Stuff from inside my head. August 4, 2006

Filed under: Random — brandi @ 12:08 pm

I love voting. I especially love voting when you have to wait in line because so many other people want to vote as well. I especially especially love voting when the line moves slower than a snail because (1) the county switched to new electronic voting machines; (2) the ballot is 13 pages long; and (3) the election workers don’t tell people that you don’t have to vote for every single thing on the ballot in order to submit your vote. I got quite a kick out of watching people deliberate over whether or not to confirm the FORTY judges on the ballot and going through touching the name of every person in a one-person race. They made me 45 minutes late to my own birthday dinner.

Please watch these OK Go videos (here and here). They are so much fun. I’ve been listening to this band pretty much nonstop for the last few days. Someone finally knocked Dashboard out of my head.

I don’t really understand people who say they don’t care about what people think of them. I mean… really? At all? Because I care. A lot. I care about if they think my outfit is cool enough for my job, if I’m really funny or interesting or if I’m just really good at faking it, if I’m doing enough with my life, if I’m worthy of hanging out with or if they just put up with me. I don’t think of myself as a particularly insecure person, but I do care about how I come across and if people get an accurate picture of who I am. How do people not care? I’m very curious.

I have gotten sadly dependent on my mid-morning Dr. Pepper. I know it’s wrong, but I just can’t stop.

The outcome of Thursday night’s So You Think You Can Dance results shows have started to have a little too much influence on my Friday moods. Luckily, last night worked out like I wanted it to and I’m feeling pretty good today.

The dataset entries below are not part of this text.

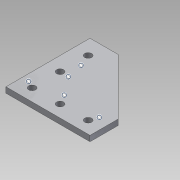
# Autodesk Inventor part: 5 Hole 90 Degree Bracket
Saved by Autodesk Inventor 2013 SP2 (Build 170200200, 200)
## iProperties
Created: 2013-07-08
Part Number: 5 Hole 90 Degree Bracket
Material: Aluminum 6061
Document SubType Name: Modeling
Designer: Jon Hollander
Density: 2.71 g/cm^3
Mass: 29.2878 g
Surface Area: 65.8408 cm^2
Volume: 10.8073 cm^3
Author: Jon Hollander
Autodesk Inventor part; units mm, degrees
ref_plane "YZ Plane" through (0, 0, 0) normal (1, 0, 0) x (0, 1, 0)
ref_plane "XZ Plane" through (0, 0, 0) normal (0, 1, 0) x (-1, 0, 0)
ref_plane "XY Plane" through (0, 0, 0) normal (0, 0, 1) x (1, 0, 0)
sketch "Sketch1" plane through (0, 0, 0) normal (0, 0, 1) x (1, 0, 0)
  line L0 (0, 0) -> (0, 60)
  line L1 (0, 0) -> (60, 0) construction
  line L2 (0, 60) -> (20, 60)
  line L3 (20, 60) -> (60, 20)
  line L4 (60, 20) -> (60, 0)
  line L5 (60, 0) -> (0, 0)
  point P0 (10, 8.6725)
  point P1 (30, 8.6725)
  point P2 (50, 8.6725)
  point P3 (10, 28.6725)
  point P4 (10, 48.6725)
  dimension "d0" = 60
  dimension "d1" = 90
  dimension "d2" = 20
  dimension "d3" = 135
  dimension "d4" = 60
  dimension "d5" = 20
  dimension "d6" = 10
  dimension "d7" = 20
  dimension "d8" = 20
  dimension "d9" = 20
  dimension "d10" = 20
  constraints: 12 end point, 2 parallel, 2 perpendicular, 2 vertical alignment, 1 horizontal, 1 vertical
  measures "d0" distance of L0.start L0.end
  measures "d1" angle of L1 L0
  measures "d2" distance of L0.end L2.end
  measures "d3" angle of L2 L3
  measures "d4" distance of L4.end L0.start
  measures "d5" distance of L3.end L4.end
  measures "d6" distance from line of L0 point (10, 8.673)
  measures "d7" distance of point (30, 8.673) point (10, 8.673)
  measures "d8" distance of point (50, 8.673) point (30, 8.673)
  measures "d9" distance of point (10, 28.673) point (10, 8.673)
  measures "d10" distance of point (10, 28.673) point (10, 48.673)
extrude "Extrusion1" add sketch "Sketch1" along normal blind 4
hole "Hole1" at (10, 8.6725, 0) at (30, 8.6725, 0) at (50, 8.6725, 0) at (10, 28.6725, 0) at (10, 48.6725, 0) direction (0, 0, 1) diameter 5 end through all
body "Solid1"

If you had a job where you had about five hours a week worth of work to do, wouldn’t you get bored? Maybe ask around a bit, see if there’s anything you can add to your job duties? Work hard to know what’s going on in your industry and with your client and try to come up with ideas for new tasks? Or possibly look for a new job, one that is remotely stimulating and keeps you from literally twiddling your thumbs at your desk? I certainly would.

We spent last weekend in Atlanta visiting some friends I don’t see nearly often enough. We went to a Braves game, had wine and dessert and check-splitting headaches until the wee hours at Cafe Intermezzo, hit IKEA, grilled out and played poker and drank nasty lime green stuff from tiny bottles and just had an all around excellent time.

We took about eleventy billion pictures, which, if you know Aaron at all, you know was quite a thrill for him. I’ve never known anyone more camera-averse than he is. Accordingly, this is my favorite picture of us from the weekend… the first of many times I tried to get him to smile.